(Beginning of Material for this task)

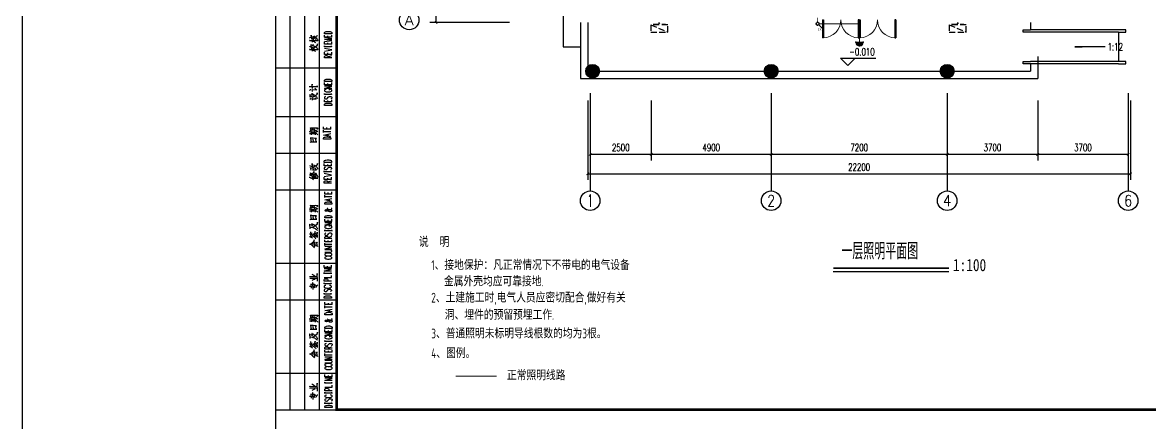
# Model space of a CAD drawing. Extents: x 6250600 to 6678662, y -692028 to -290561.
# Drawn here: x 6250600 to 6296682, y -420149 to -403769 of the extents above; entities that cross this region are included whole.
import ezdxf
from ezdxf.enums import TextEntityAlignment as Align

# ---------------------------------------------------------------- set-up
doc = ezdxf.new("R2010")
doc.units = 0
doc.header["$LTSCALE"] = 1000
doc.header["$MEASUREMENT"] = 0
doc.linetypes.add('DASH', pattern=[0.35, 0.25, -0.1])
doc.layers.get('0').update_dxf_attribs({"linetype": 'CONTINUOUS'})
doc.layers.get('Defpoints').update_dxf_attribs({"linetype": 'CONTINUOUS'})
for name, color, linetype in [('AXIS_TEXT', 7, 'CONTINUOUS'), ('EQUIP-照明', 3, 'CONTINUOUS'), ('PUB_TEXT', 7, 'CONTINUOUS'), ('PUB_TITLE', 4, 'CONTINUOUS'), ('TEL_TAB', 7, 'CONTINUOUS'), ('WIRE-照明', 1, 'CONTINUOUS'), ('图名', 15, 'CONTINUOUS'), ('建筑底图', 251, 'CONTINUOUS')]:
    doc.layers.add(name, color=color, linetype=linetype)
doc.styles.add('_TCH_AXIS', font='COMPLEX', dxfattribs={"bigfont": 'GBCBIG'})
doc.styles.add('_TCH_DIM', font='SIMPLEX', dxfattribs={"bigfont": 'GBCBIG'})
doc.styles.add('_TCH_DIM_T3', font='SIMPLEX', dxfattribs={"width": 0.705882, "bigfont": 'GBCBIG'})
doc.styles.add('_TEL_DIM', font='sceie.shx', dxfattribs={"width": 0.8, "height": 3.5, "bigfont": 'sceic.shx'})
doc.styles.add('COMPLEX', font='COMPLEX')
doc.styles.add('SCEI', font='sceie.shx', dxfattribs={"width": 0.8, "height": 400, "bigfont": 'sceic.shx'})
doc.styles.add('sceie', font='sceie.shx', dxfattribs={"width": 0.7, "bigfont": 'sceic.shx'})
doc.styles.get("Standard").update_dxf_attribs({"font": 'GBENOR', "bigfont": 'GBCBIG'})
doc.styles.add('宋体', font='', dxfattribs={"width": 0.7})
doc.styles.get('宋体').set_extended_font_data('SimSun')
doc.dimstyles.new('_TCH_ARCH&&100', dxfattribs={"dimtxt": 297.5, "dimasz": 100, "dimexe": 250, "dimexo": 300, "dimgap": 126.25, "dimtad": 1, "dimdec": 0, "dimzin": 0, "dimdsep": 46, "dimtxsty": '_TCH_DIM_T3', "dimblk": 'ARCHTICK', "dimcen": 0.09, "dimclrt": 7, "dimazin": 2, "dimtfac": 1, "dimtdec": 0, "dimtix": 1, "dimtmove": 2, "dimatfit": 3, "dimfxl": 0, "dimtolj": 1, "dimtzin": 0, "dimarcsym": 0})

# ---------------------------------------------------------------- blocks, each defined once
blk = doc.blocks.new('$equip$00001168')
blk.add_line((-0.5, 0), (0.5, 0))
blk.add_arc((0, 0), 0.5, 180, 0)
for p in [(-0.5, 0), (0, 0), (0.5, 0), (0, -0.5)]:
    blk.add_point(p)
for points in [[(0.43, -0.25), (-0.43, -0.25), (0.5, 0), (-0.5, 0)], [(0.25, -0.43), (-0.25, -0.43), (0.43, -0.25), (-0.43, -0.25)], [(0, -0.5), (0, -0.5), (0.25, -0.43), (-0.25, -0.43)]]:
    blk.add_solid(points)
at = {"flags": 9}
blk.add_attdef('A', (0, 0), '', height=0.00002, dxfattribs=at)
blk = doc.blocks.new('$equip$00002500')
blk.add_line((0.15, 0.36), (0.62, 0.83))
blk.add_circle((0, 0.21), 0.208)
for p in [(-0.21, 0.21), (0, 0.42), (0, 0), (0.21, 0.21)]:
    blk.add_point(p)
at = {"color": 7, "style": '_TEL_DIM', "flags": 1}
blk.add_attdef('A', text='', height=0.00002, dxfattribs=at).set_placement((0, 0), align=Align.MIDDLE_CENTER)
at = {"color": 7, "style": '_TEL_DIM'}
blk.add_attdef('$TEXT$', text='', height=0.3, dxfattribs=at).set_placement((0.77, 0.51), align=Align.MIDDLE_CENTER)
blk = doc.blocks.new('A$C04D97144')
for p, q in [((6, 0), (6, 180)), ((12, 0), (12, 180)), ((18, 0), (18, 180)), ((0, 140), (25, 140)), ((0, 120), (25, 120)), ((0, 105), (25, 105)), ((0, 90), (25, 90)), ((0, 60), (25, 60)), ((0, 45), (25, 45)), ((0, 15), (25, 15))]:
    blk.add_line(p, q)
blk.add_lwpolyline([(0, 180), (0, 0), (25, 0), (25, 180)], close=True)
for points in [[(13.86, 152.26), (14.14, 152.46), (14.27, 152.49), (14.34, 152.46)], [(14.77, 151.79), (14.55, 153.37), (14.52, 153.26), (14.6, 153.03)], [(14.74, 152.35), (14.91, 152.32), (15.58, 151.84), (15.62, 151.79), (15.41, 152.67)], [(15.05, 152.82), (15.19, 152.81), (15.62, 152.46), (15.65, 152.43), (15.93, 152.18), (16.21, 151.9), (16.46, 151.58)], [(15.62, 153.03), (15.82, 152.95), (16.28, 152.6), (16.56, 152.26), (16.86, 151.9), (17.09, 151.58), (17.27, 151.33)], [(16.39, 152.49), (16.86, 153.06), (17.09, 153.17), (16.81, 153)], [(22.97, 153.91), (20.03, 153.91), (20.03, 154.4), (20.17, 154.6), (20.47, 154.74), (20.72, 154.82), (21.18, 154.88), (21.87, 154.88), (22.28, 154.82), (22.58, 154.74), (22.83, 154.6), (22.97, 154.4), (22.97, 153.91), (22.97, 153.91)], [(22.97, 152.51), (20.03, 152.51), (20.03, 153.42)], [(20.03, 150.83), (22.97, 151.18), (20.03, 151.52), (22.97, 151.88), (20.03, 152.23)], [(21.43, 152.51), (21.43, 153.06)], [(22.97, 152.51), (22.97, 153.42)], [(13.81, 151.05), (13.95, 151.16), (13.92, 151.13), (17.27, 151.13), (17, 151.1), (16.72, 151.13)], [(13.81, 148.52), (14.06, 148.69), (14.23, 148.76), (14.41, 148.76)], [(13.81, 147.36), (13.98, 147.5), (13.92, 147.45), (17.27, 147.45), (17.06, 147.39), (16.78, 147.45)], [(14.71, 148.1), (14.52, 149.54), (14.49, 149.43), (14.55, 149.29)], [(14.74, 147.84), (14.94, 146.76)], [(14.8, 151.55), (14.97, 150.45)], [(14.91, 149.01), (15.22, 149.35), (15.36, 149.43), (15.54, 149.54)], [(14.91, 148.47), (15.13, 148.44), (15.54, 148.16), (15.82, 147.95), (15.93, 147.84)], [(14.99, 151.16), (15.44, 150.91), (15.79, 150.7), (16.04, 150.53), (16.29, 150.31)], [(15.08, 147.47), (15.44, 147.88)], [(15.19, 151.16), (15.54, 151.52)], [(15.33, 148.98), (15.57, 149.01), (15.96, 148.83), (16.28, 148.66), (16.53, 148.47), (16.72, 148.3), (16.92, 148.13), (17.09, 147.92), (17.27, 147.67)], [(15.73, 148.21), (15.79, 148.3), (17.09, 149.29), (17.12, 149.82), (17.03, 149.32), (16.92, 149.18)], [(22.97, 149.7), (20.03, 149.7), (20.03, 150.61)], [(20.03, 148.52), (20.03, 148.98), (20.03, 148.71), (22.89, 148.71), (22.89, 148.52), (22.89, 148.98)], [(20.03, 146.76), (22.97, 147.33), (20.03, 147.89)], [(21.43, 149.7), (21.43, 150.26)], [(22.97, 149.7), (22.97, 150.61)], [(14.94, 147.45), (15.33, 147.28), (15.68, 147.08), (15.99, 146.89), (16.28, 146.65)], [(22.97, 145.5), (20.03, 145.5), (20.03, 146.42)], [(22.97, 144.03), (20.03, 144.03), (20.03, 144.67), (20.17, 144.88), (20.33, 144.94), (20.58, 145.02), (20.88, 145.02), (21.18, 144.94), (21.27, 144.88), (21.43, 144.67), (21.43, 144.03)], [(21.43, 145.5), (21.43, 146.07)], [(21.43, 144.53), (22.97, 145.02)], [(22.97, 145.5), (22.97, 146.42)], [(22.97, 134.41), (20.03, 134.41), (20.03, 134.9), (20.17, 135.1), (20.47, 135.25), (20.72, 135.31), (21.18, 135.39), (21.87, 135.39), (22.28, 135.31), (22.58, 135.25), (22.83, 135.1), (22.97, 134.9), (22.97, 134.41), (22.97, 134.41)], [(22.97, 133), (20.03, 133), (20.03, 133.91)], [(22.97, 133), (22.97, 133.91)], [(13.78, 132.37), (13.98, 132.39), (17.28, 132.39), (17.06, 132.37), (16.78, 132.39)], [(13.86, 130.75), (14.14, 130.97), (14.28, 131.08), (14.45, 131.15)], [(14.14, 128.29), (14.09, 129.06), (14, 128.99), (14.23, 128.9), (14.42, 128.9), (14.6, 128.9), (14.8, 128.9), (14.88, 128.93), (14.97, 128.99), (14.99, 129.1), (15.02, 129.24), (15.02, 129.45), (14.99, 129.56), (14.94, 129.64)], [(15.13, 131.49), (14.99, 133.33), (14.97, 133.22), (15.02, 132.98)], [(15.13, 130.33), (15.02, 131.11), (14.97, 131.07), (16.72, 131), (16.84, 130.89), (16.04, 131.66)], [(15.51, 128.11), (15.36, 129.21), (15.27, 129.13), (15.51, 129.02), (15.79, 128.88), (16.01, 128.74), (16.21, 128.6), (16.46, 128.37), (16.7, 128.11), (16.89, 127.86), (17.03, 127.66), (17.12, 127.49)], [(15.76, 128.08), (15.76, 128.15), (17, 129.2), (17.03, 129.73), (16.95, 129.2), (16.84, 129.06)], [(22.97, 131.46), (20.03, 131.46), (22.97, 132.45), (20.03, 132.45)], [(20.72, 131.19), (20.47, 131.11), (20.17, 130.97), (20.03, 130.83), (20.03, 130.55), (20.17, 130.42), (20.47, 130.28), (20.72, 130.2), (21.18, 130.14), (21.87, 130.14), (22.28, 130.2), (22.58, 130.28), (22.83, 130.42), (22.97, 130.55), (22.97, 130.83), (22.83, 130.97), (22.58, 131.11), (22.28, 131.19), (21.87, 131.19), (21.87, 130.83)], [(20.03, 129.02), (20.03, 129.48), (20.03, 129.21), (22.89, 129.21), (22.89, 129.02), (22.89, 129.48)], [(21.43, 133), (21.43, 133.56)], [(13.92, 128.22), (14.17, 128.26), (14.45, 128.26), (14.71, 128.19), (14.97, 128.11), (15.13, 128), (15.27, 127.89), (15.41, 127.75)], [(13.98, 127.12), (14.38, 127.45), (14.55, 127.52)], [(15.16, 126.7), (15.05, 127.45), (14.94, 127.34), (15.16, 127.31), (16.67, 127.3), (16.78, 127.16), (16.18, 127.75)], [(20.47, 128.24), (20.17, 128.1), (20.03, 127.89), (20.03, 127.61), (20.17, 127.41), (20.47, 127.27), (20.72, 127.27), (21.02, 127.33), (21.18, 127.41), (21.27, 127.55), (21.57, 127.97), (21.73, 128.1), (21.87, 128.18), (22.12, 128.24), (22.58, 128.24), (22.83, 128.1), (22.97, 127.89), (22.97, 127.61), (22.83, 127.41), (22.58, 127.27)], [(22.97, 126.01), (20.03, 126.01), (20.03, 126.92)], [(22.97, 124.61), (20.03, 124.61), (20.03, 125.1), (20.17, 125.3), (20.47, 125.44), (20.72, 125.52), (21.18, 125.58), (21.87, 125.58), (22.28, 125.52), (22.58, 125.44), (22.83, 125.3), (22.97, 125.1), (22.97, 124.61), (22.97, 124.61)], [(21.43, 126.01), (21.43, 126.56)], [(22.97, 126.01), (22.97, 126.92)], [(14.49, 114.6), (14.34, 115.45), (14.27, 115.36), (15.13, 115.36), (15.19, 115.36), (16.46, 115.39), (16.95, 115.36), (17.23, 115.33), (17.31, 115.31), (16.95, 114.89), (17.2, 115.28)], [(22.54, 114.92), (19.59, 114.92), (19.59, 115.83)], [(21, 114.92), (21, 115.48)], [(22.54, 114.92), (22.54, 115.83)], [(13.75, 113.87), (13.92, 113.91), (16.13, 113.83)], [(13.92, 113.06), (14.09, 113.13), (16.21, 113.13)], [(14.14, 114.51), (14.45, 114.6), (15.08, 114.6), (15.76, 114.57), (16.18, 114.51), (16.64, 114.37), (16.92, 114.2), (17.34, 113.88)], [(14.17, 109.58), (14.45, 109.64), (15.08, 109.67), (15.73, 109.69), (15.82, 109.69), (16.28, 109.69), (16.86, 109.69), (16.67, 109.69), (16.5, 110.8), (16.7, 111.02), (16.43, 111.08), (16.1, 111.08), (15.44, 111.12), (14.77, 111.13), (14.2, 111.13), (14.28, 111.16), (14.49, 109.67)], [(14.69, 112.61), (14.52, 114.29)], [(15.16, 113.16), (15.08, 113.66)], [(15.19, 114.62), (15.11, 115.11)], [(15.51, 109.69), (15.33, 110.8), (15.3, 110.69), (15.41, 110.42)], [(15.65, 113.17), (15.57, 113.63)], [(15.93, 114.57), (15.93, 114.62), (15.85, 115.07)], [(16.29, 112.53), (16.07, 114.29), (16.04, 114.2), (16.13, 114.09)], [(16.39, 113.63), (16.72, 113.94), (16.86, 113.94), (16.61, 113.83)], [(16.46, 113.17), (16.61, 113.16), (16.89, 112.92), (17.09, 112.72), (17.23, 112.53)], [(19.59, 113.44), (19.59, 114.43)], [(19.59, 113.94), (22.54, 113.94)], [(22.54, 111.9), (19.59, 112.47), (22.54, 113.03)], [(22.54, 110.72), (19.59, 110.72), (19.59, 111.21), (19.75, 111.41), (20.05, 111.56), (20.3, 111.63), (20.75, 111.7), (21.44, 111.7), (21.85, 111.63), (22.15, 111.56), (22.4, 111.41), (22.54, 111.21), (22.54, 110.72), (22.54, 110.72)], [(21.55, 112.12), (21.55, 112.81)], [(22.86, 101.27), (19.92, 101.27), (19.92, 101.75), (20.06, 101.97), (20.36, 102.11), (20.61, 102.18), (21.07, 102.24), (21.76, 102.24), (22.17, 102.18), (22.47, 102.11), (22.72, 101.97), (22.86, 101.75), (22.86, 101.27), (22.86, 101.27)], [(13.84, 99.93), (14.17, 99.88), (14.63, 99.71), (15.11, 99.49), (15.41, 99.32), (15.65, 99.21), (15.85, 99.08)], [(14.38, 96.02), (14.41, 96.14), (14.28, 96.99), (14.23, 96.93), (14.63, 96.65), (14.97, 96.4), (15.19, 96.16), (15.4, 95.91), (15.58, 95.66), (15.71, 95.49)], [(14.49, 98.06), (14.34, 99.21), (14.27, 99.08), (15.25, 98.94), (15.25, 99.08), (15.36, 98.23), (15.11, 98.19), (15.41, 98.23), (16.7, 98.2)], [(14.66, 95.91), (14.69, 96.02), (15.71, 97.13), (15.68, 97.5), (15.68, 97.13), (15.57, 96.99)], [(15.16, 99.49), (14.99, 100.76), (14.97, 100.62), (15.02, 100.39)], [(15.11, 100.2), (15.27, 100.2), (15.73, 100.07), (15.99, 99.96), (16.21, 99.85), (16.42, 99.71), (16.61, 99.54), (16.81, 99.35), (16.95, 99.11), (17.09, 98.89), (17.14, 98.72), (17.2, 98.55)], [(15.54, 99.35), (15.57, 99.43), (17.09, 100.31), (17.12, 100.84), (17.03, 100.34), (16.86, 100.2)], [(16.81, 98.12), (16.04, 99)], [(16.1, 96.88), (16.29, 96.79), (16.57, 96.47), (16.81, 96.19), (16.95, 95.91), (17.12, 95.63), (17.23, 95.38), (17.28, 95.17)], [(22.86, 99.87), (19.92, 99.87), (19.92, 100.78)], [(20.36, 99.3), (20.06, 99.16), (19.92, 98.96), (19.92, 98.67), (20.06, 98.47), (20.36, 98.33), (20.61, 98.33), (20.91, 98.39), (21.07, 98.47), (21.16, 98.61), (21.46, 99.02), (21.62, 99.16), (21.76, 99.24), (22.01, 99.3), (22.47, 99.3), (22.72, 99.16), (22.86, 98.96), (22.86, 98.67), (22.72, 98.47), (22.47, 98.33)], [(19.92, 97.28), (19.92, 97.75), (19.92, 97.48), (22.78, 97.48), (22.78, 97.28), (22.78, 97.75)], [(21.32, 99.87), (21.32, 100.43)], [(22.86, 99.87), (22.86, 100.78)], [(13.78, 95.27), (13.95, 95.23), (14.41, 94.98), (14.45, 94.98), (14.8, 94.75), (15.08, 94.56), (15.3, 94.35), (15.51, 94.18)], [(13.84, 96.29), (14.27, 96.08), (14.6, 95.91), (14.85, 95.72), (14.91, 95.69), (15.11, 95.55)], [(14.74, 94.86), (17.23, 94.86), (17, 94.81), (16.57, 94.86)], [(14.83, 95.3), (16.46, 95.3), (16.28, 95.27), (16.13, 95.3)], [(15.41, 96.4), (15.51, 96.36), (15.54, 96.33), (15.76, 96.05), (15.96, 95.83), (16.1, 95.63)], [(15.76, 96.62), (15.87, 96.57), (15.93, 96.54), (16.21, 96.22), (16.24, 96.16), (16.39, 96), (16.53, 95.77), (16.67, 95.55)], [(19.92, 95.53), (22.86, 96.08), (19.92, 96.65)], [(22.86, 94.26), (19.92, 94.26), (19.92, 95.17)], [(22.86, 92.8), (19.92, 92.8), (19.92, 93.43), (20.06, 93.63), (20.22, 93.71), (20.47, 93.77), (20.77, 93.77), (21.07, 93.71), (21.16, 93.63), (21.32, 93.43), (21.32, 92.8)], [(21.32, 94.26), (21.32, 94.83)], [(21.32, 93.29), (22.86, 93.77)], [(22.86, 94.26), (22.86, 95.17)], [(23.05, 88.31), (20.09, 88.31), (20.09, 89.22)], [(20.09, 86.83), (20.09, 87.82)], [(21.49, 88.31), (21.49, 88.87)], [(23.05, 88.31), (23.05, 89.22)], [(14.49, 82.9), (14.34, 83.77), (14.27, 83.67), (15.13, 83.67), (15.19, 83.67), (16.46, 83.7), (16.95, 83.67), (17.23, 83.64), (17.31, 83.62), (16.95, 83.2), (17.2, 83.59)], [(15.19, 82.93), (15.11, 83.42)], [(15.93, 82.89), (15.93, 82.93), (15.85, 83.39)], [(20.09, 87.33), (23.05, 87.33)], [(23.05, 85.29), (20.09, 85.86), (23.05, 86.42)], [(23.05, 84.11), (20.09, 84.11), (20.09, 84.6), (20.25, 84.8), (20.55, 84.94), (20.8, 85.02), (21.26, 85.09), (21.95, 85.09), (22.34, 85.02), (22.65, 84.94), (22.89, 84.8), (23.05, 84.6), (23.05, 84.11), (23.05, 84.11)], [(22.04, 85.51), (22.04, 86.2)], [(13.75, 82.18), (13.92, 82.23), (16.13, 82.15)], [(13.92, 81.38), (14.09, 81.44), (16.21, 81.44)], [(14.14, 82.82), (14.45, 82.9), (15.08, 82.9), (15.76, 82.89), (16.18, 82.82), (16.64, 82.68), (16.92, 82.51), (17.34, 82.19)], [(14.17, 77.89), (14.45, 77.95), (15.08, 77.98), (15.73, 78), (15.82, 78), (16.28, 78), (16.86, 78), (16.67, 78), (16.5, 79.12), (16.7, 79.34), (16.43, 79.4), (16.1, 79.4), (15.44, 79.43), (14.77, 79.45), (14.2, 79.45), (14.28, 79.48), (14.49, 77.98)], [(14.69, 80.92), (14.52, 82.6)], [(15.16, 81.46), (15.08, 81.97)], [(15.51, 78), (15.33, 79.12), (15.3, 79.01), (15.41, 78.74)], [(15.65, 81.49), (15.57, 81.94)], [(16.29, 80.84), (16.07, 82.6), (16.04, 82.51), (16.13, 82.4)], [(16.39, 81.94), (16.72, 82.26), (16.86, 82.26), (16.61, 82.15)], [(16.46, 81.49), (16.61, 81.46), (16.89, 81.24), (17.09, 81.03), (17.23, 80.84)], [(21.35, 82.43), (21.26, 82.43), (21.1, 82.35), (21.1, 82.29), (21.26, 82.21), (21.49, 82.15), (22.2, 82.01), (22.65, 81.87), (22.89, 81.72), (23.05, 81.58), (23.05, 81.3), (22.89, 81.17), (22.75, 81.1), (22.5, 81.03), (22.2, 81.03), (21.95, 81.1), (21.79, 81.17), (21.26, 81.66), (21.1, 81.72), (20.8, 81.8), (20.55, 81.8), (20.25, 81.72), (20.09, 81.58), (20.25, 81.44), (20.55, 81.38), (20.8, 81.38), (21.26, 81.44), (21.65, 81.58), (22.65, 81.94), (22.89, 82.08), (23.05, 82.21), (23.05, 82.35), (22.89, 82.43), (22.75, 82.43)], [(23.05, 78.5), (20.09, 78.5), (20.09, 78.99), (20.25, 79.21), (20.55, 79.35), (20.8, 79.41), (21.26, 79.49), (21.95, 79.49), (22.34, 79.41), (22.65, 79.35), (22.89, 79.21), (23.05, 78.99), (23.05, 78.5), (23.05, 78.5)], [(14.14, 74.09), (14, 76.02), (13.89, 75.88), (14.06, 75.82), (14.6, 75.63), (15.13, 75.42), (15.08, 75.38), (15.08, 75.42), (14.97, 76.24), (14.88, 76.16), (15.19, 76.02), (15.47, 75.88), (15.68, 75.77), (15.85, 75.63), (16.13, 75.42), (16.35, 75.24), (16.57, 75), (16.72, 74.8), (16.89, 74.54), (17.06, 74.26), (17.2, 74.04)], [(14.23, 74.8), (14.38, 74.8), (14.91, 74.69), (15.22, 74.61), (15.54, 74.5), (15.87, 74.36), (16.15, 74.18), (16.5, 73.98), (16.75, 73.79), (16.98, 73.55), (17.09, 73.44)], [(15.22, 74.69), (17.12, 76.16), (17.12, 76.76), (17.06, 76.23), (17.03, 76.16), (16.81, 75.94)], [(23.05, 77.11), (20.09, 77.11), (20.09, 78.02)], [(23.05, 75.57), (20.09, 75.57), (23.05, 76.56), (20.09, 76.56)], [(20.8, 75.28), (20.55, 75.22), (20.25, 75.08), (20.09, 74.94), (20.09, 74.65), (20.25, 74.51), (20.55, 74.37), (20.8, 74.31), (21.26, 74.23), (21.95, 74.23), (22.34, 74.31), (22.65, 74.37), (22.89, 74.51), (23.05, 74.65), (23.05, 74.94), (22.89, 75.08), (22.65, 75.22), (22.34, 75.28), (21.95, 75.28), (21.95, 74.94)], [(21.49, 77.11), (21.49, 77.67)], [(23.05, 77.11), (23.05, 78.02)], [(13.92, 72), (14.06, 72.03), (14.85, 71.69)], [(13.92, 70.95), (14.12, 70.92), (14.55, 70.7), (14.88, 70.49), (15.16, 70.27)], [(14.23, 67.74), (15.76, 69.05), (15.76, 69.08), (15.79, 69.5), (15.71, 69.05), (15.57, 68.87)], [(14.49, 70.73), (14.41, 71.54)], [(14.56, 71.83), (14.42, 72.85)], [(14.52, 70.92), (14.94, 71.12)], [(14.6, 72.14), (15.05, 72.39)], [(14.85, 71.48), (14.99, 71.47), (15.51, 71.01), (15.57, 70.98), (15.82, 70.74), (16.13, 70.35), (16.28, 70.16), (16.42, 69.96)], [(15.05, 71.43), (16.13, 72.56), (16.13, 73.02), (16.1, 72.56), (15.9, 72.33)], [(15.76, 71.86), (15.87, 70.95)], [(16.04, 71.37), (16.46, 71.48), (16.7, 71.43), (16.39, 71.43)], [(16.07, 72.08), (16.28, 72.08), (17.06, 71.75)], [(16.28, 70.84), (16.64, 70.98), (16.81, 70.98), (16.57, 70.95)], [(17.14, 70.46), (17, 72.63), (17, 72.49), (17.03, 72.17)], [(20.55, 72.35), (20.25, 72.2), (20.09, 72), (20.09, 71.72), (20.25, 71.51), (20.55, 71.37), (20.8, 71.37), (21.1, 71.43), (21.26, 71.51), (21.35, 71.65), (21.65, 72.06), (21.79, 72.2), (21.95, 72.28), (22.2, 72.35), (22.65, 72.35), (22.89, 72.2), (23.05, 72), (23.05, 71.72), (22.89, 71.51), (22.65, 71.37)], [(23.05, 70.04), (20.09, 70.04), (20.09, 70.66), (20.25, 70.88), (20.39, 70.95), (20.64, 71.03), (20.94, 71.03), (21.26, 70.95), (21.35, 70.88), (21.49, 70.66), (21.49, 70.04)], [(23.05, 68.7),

(End of Material for this task)

§ **Task goal**:
Exactly restate the lines from the beginning of the data through the line with "import ezdxf", and no others, keeping pictures out.

§ **Response box**:
# Model space of a CAD drawing. Extents: x 6250600 to 6678662, y -692028 to -290561.
# Drawn here: x 6250600 to 6296682, y -420149 to -403769 of the extents above; entities that cross this region are included whole.
import ezdxf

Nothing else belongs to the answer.